WHAT YOU SHOULD DO >> Apart from the pictures, please restate every entry below exactly.

DATA UNDER STUDY >>
-- -- --

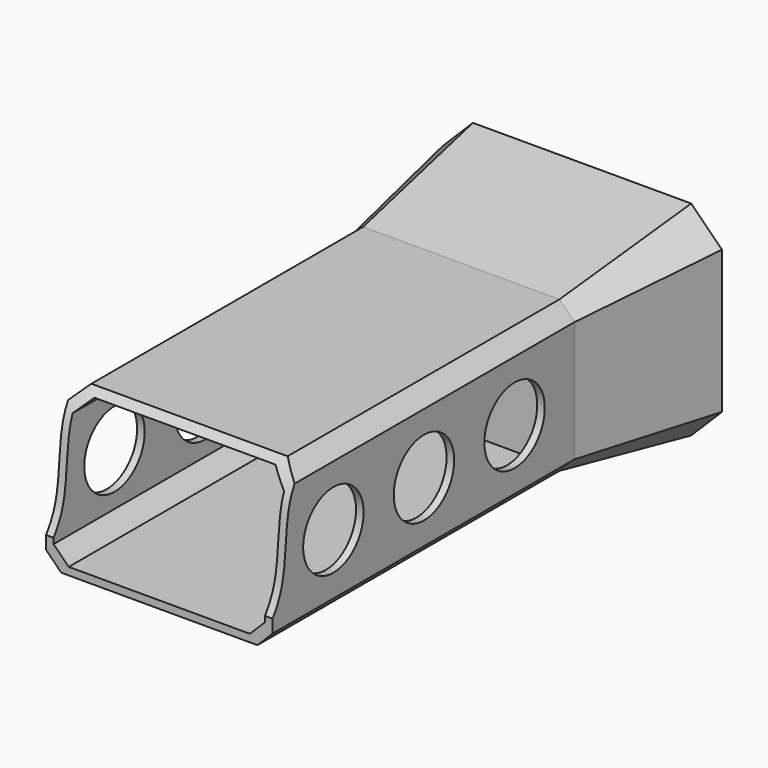
from build123d import *

# Parameters (mm, degrees)
F0_W     = 76.2
F0_H     = 50.8
F1_DEPTH = 127
F2_T     = -2.54
F3_R     = 12.7
F4_DEPTH = 76.201
F6_DEPTH = 76.201
F7_SIZE  = 5.08
F9_DEPTH = 50.8
F9_TAPER = -10
F10_T    = -2.54


with BuildPart() as f1:
    # F0 (on Front) → F1 (new body)
    with BuildSketch(Plane.XZ):
        with Locations((38.1, 25.4)):
            Rectangle(F0_W, F0_H)
    extrude(amount=F1_DEPTH)

    # F2
    f2_openings = [f1.faces().sort_by_distance(p)[0] for p in [
        (38.1, -127, 25.4),
    ]]
    offset(amount=F2_T, openings=f2_openings)

    # F3 (on face) → F4 (cut, through all)
    with BuildSketch(Plane.YZ.offset(76.2)):
        with Locations((-101.4156882687, 25.4)):
            Circle(F3_R)
        with Locations((-63.3156882687, 25.4)):
            Circle(F3_R)
        with Locations((-25.2156882687, 25.4)):
            Circle(F3_R)
    extrude(amount=-F4_DEPTH, mode=Mode.SUBTRACT)

    # F5 (on face) → F6 (cut, through all)
    with BuildSketch(Plane.YZ.offset(76.2)):
        with BuildLine():
            add(Edge.make_bspline(
                [(-114.3024048609, 50.8), (-116.3753766316, 48.2180029007), (-122.7739913645, 38.3634851462), (-120.2785073467, 21.2308461151), (-125.5979944732, 11.4326219351), (-127, 9.4929700746)],
                knots=[0.1809579396, 0.1809579396, 0.1809579396, 0.1809579396, 0.3115506916, 0.6462020469, 0.7356568333, 0.7356568333, 0.7356568333, 0.7356568333], degree=3))
            Line((-114.3024048609, 50.8), (-127, 50.8))
            Line((-127, 50.8), (-127, 9.4929700746))
        make_face()
    extrude(amount=-F6_DEPTH, mode=Mode.SUBTRACT)

    # F7
    f7_edges = [f1.edges().sort_by_distance(p)[0] for p in [
        (2.54, -64.77, 2.54),
        (73.66, -64.77, 2.54),
        (2.54, -59.366962, 48.26),
        (73.66, -59.366962, 48.26),
        (0, -57.151202, 50.8),
        (76.2, -57.151202, 50.8),
        (0, -63.5, 0),
        (76.2, -63.5, 0),
    ]]
    chamfer(f7_edges, length=F7_SIZE)

    # F8 (on face) → F9 (join)
    with BuildSketch(Plane(origin=(0, 0, 0), x_dir=(-1, 0, 0), z_dir=(0, 1, 0))):
        Polygon((0, 45.72), (-5.08, 50.8), (-71.12, 50.8), (-76.2, 45.72), (-76.2, 9.4929700837), (-76.2, 5.08), (-71.12, 0), (-5.08, 0), (0, 5.08), align=None)
    extrude(amount=F9_DEPTH, taper=F9_TAPER)

    # F10
    f10_openings = [f1.faces().sort_by_distance(p)[0] for p in [
        (38.1, 50.8, 25.4),
    ]]
    offset(amount=F10_T, openings=f10_openings, kind=Kind.INTERSECTION)


solid = f1.part

-- -- --

EXERCISE OUTPUT >>
from build123d import *

# Parameters (mm, degrees)
F0_W     = 76.2
F0_H     = 50.8
F1_DEPTH = 127
F2_T     = -2.54
F3_R     = 12.7
F4_DEPTH = 76.201
F6_DEPTH = 76.201
F7_SIZE  = 5.08
F9_DEPTH = 50.8
F9_TAPER = -10
F10_T    = -2.54


with BuildPart() as f1:
    # F0 (on Front) → F1 (new body)
    with BuildSketch(Plane.XZ):
        with Locations((38.1, 25.4)):
            Rectangle(F0_W, F0_H)
    extrude(amount=F1_DEPTH)

    # F2
    f2_openings = [f1.faces().sort_by_distance(p)[0] for p in [
        (38.1, -127, 25.4),
    ]]
    offset(amount=F2_T, openings=f2_openings)

    # F3 (on face) → F4 (cut, through all)
    with BuildSketch(Plane.YZ.offset(76.2)):
        with Locations((-101.4156882687, 25.4)):
            Circle(F3_R)
        with Locations((-63.3156882687, 25.4)):
            Circle(F3_R)
        with Locations((-25.2156882687, 25.4)):
            Circle(F3_R)
    extrude(amount=-F4_DEPTH, mode=Mode.SUBTRACT)

    # F5 (on face) → F6 (cut, through all)
    with BuildSketch(Plane.YZ.offset(76.2)):
        with BuildLine():
            add(Edge.make_bspline(
                [(-114.3024048609, 50.8), (-116.3753766316, 48.2180029007), (-122.7739913645, 38.3634851462), (-120.2785073467, 21.2308461151), (-125.5979944732, 11.4326219351), (-127, 9.4929700746)],
                knots=[0.1809579396, 0.1809579396, 0.1809579396, 0.1809579396, 0.3115506916, 0.6462020469, 0.7356568333, 0.7356568333, 0.7356568333, 0.7356568333], degree=3))
            Line((-114.3024048609, 50.8), (-127, 50.8))
            Line((-127, 50.8), (-127, 9.4929700746))
        make_face()
    extrude(amount=-F6_DEPTH, mode=Mode.SUBTRACT)

    # F7
    f7_edges = [f1.edges().sort_by_distance(p)[0] for p in [
        (2.54, -64.77, 2.54),
        (73.66, -64.77, 2.54),
        (2.54, -59.366962, 48.26),
        (73.66, -59.366962, 48.26),
        (0, -57.151202, 50.8),
        (76.2, -57.151202, 50.8),
        (0, -63.5, 0),
        (76.2, -63.5, 0),
    ]]
    chamfer(f7_edges, length=F7_SIZE)

    # F8 (on face) → F9 (join)
    with BuildSketch(Plane(origin=(0, 0, 0), x_dir=(-1, 0, 0), z_dir=(0, 1, 0))):
        Polygon((0, 45.72), (-5.08, 50.8), (-71.12, 50.8), (-76.2, 45.72), (-76.2, 9.4929700837), (-76.2, 5.08), (-71.12, 0), (-5.08, 0), (0, 5.08), align=None)
    extrude(amount=F9_DEPTH, taper=F9_TAPER)

    # F10
    f10_openings = [f1.faces().sort_by_distance(p)[0] for p in [
        (38.1, 50.8, 25.4),
    ]]
    offset(amount=F10_T, openings=f10_openings, kind=Kind.INTERSECTION)


solid = f1.part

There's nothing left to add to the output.